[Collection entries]
=== Section Start ===

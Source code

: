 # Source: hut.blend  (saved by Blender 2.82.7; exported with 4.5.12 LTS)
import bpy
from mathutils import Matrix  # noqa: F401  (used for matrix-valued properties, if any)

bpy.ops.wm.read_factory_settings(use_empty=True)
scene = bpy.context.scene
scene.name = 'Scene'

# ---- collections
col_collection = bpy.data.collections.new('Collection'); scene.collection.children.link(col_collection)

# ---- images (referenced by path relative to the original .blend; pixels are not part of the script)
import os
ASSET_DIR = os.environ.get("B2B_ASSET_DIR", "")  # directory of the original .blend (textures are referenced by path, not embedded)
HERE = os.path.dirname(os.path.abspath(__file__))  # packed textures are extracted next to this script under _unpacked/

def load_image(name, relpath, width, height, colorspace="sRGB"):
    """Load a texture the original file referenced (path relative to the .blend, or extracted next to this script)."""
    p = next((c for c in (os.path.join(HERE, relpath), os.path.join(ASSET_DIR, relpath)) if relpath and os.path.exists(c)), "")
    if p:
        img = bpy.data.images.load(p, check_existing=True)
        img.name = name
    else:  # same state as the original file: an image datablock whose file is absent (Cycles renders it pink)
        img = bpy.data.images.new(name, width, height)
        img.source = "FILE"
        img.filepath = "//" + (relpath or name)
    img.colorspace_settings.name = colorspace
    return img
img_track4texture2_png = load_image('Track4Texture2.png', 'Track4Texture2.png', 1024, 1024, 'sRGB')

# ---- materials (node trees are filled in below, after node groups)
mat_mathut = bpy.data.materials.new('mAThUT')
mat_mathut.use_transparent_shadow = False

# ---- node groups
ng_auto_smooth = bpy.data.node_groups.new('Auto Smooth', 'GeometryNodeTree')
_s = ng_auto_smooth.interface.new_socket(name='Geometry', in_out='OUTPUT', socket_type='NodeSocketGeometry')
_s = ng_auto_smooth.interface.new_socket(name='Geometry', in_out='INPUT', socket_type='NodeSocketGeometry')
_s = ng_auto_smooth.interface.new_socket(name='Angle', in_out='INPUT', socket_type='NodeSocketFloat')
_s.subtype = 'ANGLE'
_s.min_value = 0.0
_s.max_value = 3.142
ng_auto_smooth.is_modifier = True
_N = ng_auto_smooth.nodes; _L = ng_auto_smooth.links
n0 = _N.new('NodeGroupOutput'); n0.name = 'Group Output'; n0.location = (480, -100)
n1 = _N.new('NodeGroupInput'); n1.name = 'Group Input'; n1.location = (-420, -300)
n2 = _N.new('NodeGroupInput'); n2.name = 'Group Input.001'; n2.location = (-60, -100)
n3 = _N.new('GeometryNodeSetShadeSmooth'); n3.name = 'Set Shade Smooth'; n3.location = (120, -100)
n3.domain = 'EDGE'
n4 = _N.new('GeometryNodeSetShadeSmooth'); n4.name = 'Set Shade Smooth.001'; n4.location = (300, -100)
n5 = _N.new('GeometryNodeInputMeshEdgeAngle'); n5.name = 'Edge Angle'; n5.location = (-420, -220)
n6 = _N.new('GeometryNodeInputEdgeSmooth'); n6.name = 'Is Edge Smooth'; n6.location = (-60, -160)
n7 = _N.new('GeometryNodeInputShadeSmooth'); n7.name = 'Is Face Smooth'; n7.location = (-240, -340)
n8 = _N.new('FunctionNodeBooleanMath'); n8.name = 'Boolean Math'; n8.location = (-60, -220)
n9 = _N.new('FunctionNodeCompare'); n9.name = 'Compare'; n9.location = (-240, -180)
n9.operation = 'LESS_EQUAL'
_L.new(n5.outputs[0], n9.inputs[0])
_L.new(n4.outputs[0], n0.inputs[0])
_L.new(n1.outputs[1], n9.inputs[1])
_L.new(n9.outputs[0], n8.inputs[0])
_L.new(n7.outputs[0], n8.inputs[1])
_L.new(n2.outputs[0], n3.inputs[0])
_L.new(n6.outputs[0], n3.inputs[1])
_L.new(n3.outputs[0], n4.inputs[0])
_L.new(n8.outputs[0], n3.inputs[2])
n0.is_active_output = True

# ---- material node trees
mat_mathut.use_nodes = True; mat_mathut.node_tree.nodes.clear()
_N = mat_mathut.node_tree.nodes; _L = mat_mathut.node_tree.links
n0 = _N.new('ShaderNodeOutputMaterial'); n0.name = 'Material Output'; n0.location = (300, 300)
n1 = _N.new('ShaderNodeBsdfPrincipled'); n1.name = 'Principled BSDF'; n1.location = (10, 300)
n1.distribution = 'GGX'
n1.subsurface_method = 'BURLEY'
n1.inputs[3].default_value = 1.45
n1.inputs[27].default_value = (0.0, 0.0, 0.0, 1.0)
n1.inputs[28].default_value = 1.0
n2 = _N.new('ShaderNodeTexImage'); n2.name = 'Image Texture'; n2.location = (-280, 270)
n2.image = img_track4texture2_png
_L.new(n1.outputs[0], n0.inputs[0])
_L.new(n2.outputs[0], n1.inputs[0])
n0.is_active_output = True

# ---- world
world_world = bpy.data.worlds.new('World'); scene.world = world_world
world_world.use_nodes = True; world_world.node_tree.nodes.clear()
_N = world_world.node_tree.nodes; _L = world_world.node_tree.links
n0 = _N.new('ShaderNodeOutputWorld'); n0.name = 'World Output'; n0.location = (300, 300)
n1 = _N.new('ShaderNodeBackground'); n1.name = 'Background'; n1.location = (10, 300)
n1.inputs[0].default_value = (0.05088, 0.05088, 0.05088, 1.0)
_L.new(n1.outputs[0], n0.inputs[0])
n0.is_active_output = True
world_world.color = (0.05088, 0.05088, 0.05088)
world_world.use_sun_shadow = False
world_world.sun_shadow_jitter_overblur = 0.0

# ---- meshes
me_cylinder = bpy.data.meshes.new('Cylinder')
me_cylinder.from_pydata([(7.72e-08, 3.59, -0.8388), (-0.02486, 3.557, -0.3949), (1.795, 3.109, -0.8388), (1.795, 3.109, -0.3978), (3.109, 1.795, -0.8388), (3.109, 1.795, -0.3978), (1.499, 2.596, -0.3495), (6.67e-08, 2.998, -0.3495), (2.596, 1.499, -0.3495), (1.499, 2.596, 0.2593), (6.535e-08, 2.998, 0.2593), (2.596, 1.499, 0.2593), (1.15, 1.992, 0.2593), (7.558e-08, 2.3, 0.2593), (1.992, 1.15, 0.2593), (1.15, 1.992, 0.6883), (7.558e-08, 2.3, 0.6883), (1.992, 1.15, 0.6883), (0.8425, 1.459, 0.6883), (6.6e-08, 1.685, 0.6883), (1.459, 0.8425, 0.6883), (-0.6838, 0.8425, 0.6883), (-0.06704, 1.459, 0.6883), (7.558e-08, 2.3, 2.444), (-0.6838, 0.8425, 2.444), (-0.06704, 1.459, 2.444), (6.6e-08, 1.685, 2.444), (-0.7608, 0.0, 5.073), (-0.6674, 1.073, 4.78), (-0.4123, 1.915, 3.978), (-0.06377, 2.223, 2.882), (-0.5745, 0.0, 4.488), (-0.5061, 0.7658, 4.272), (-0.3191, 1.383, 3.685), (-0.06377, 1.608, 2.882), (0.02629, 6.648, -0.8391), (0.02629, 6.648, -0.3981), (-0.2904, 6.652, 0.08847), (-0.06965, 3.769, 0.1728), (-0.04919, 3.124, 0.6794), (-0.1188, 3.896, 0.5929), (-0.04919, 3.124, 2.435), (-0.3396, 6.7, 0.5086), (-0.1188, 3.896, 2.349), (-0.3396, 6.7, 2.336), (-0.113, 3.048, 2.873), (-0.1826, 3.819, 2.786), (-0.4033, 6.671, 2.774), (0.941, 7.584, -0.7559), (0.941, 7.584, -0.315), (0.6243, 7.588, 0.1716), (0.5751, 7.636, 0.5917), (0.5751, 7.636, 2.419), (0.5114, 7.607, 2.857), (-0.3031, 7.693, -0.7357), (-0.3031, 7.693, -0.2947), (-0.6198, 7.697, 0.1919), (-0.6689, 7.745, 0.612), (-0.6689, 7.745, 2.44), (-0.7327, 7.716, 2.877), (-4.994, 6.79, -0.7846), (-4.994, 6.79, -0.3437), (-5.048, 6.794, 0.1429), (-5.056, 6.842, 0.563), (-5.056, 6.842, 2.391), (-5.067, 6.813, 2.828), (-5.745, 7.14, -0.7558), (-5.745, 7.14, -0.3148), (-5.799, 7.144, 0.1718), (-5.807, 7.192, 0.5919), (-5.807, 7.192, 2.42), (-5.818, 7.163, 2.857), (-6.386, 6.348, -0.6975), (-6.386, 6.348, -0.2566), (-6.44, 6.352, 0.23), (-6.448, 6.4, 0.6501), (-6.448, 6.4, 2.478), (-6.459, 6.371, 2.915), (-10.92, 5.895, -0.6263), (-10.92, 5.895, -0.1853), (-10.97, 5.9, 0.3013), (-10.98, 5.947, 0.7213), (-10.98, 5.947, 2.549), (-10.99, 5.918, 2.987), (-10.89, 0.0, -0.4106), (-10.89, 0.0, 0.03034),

=== Section End ===

(Action item): Using the data above, reproduce exactly the lines between those holding "with 4.5.12 LTS)" and "col_collection = bpy.data.collections.new('Collection');", inclusive, and no others.

(Response):
: # Source: hut.blend  (saved by Blender 2.82.7; exported with 4.5.12 LTS)
import bpy
from mathutils import Matrix  # noqa: F401  (used for matrix-valued properties, if any)

bpy.ops.wm.read_factory_settings(use_empty=True)
scene = bpy.context.scene
scene.name = 'Scene'

# ---- collections
col_collection = bpy.data.collections.new('Collection'); scene.collection.children.link(col_collection)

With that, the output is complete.